Пока Свиридов одевался, я внимательно рассмотрел бумажку, в которой был завернут платок. Она была совершенно чистая. Я перепустил листы Платоновой книги - нигде ни малейшей записочки; есть только очеркнутые ногтями места. Читаю очеркнутое:

"Персы и афиняне потеряли равновесие, одни слишком распространивши права монархии, другие - простирая слишком далеко любовь к свободе".

"Вола не поставляют начальником над волами, а человека.

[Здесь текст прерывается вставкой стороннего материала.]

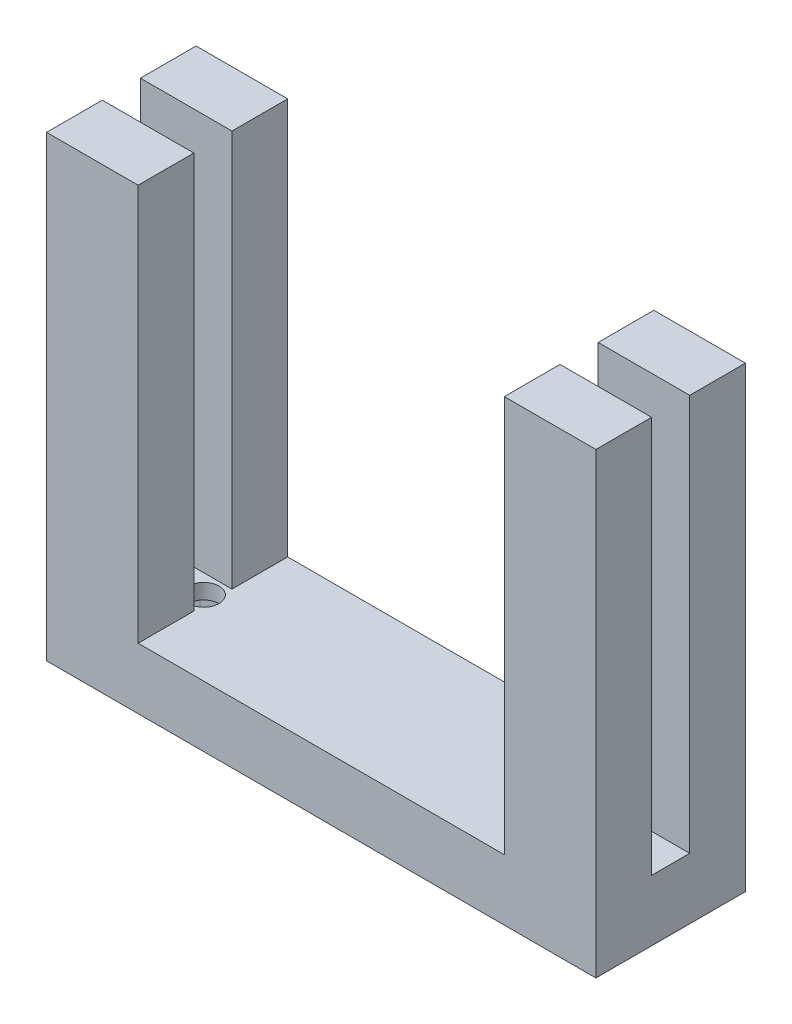
SolidWorks part; units mm, degrees
ref_plane "前视基准面" through (0, 0, 0) normal (0, 0, 1) x (1, 0, 0)
ref_plane "上视基准面" through (0, 0, 0) normal (0, 1, 0) x (1, 0, 0)
ref_plane "右视基准面" through (0, 0, 0) normal (1, 0, 0) x (0, 0, -1)
sketch "草图1" plane through (0, 0, 0) normal (0, 1, 0) x (1, 0, 0)
  line L1 (-18, 4.9) -> (18, 4.9)
  line L2 (-18, 4.9) -> (-18, -4.9)
  line L3 (-18, -4.9) -> (18, -4.9)
  line L4 (18, 4.9) -> (18, -4.9)
  line L5 (-18, 4.9) -> (18, -4.9) construction
  line L6 (-18, -4.9) -> (18, 4.9) construction
  point P0 (0, 0)
  dimension "D1" = 9.8
  dimension "D2" = 36
extrude "凸台-拉伸1" add sketch "草图1" along normal blind 30
sketch "草图2" plane through (18, 0, 0) normal (1, 0, 0) x (0, 0, -1)
  line L0 (0, 30) -> (0, 0) construction
  line L1 (-4.9, 30) -> (4.9, 30) construction
  line L2 (-4.9, 0) -> (4.9, 0) construction
  line L3 (-4.9, 4) -> (4.9, 4) construction
  line L4 (-4.9, 30) -> (-4.9, 0) construction
  line L5 (4.9, 30) -> (4.9, 0) construction
  line L6 (-1.25, 30) -> (-1.25, 4)
  line L7 (1.25, 30) -> (1.25, 4)
  line L8 (-1.25, 30) -> (1.25, 30)
  line L9 (-1.25, 4) -> (1.25, 4)
  dimension "D1" = 4
  dimension "D2" = 1.25
extrude "切除-拉伸1" cut sketch "草图2" against normal through all
sketch "草图3" plane through (0, 0, -4.9) normal (0, 0, -1) x (-1, 0, 0)
  line L0 (0, 14.8276) -> (0, 0) construction
  line L1 (-18, 0) -> (18, 0) construction
  line L2 (-18, 4) -> (18, 4) construction
  line L3 (-18, 30) -> (-18, 0) construction
  line L4 (18, 30) -> (18, 0) construction
  line L5 (-12, 30) -> (-12, 4)
  line L6 (-18, 30) -> (18, 30) construction
  line L7 (12, 30) -> (12, 4)
  line L8 (-12, 4) -> (12, 4)
  line L9 (-12, 30) -> (12, 30)
  dimension "D1" = 4
  dimension "D2" = 12
extrude "切除-拉伸2" cut sketch "草图3" against normal through all
sketch "草图5" plane through (0, 0, 0) normal (0, -1, 0) x (1, 0, 0)
  line L0 (0, -4.9) -> (0, 4.9) construction
  line L1 (18, -4.9) -> (-18, -4.9) construction
  line L2 (-18, 4.9) -> (18, 4.9) construction
  line L3 (18, 0) -> (-18, 0) construction
  line L4 (18, 4.9) -> (18, -4.9) construction
  line L5 (-18, -4.9) -> (-18, 4.9) construction
  line L6 (14.75, -4.9) -> (14.75, 5.1593) construction
  line L7 (-14.75, -4.9) -> (-14.75, 5.1593) construction
  line L8 (14.9661, 2.114) -> (0.3686, 3.6062)
  line L9 (-0.3686, 3.6062) -> (-14.9661, 2.114)
  line L10 (-14.9661, -2.114) -> (-0.3686, -3.6062)
  line L11 (14.9661, -2.114) -> (0.3686, -3.6062)
  arc A0 (14.9661, -2.114) -> (14.9661, 2.114) centre (14.75, 0) ccw
  arc A1 (0.3686, 3.6062) -> (-0.3686, 3.6062) centre (0, 0) ccw
  arc A2 (-14.9661, -2.114) -> (-14.9661, 2.114) centre (-14.75, 0) cw
  arc A3 (-0.3686, -3.6062) -> (0.3686, -3.6062) centre (0, 0) ccw
  dimension "D2" = 4.25
  dimension "D3" = 7.25
  dimension "D1" = 14.75
extrude "切除-拉伸3" cut sketch "草图5" against normal blind 3
sketch "草图9" plane through (0, 3, 0) normal (0, -1, 0) x (1, 0, 0)
  line L0 (0, -3.625) -> (0, 3.625) construction
  line L1 (16.875, 0) -> (-16.875, 0) construction
  line L2 (12.6, -2.06) -> (12.6, 1.9737) construction
  arc A0 (-0.3686, -3.6062) -> (0.3686, -3.6062) centre (0, 0) ccw construction
  arc A1 (0.3686, 3.6062) -> (-0.3686, 3.6062) centre (0, 0) ccw construction
  arc A2 (14.9661, -2.114) -> (14.9661, 2.114) centre (14.75, 0) ccw construction
  arc A3 (-14.9661, 2.114) -> (-14.9661, -2.114) centre (-14.75, 0) ccw construction
  circle A4 centre (12.6, 0) radius 1
  circle A5 centre (-12.6, 0) radius 1
  dimension "D2" = 2
  dimension "D1" = 12.6
extrude "切除-拉伸4" cut sketch "草图9" against normal up to next

Пусть царствует гений".

"Ближайшая к природе власть есть власть сильного".

"Где бесстыдны старики, там юноши необходимо будут бесстыдны".

"Невозможно быть отлично добрым и отлично богатым. Почему? Потому что кто приобретает честными и нечестными способами, тот приобретает вдвое больше приобретающего одними честными способами, и кто не делает пожертвований добру, тот менее расходует, чем тот, кто готов на благородные жертвы".

"Бог есть мера всех вещей, и мера совершеннейшая. Чтобы уподобиться богу, надо быть умеренным во всем, даже в желаниях".

Тут есть на поле слова, слабо написанные каким-то рыжим борщом рукой Овцебыка. С трудом разбираю: "Васька глупец! Зачем ты не поп? Зачем ты обрезал крылья у слова своего? Не в ризе учитель - народу шут, себе поношение, идее - пагубник. Я тать, и что дальше пойду, то больше сворую".

Я закрыл Овцебыкову книгу.

Александр Иванович надел свой казакин, и мы пошли на поляну. С поляны повернули вправо и пошли глухим сосновым бором; перешли просеку, от которой начиналась рубка, и опять вошли на другую большую поляну. Здесь стояли два большие стога прошлогоднего сена. Александр Иванович остановился посреди поляны и, вобрав в грудь воздуха, громко крикнул: "Гоп! гоп!" Ответа не было. Луна ярко освещала поляну и бросала две длинные тени от стогов.

- Гоп! гоп! - крикнул во второй раз Александр Иванович.

- Гоп-па! - отвечали справа из леса.

- Вот где! - сказал мой спутник, и мы пошли вправо.

Через десять минут Александр Иванович снова крикнул, и ему тотчас отвечали, а вслед за тем мы увидели двух мужиков: старика и молодого парня. Оба они, увидя Свиридова, сняли шапки и стояли, облокотись на свои длинные палки.

- Здорово, христиане!

- Здравствуй, Ликсандра Иваныч!

- Где покойник-то?

- Тутотка, Ликсандра Иваныч.

- Покажите: я не заприметил что-то места.

- Да вот он.

- Где?

- Да вот он!

Крестьянин усмехнулся и показал вправо.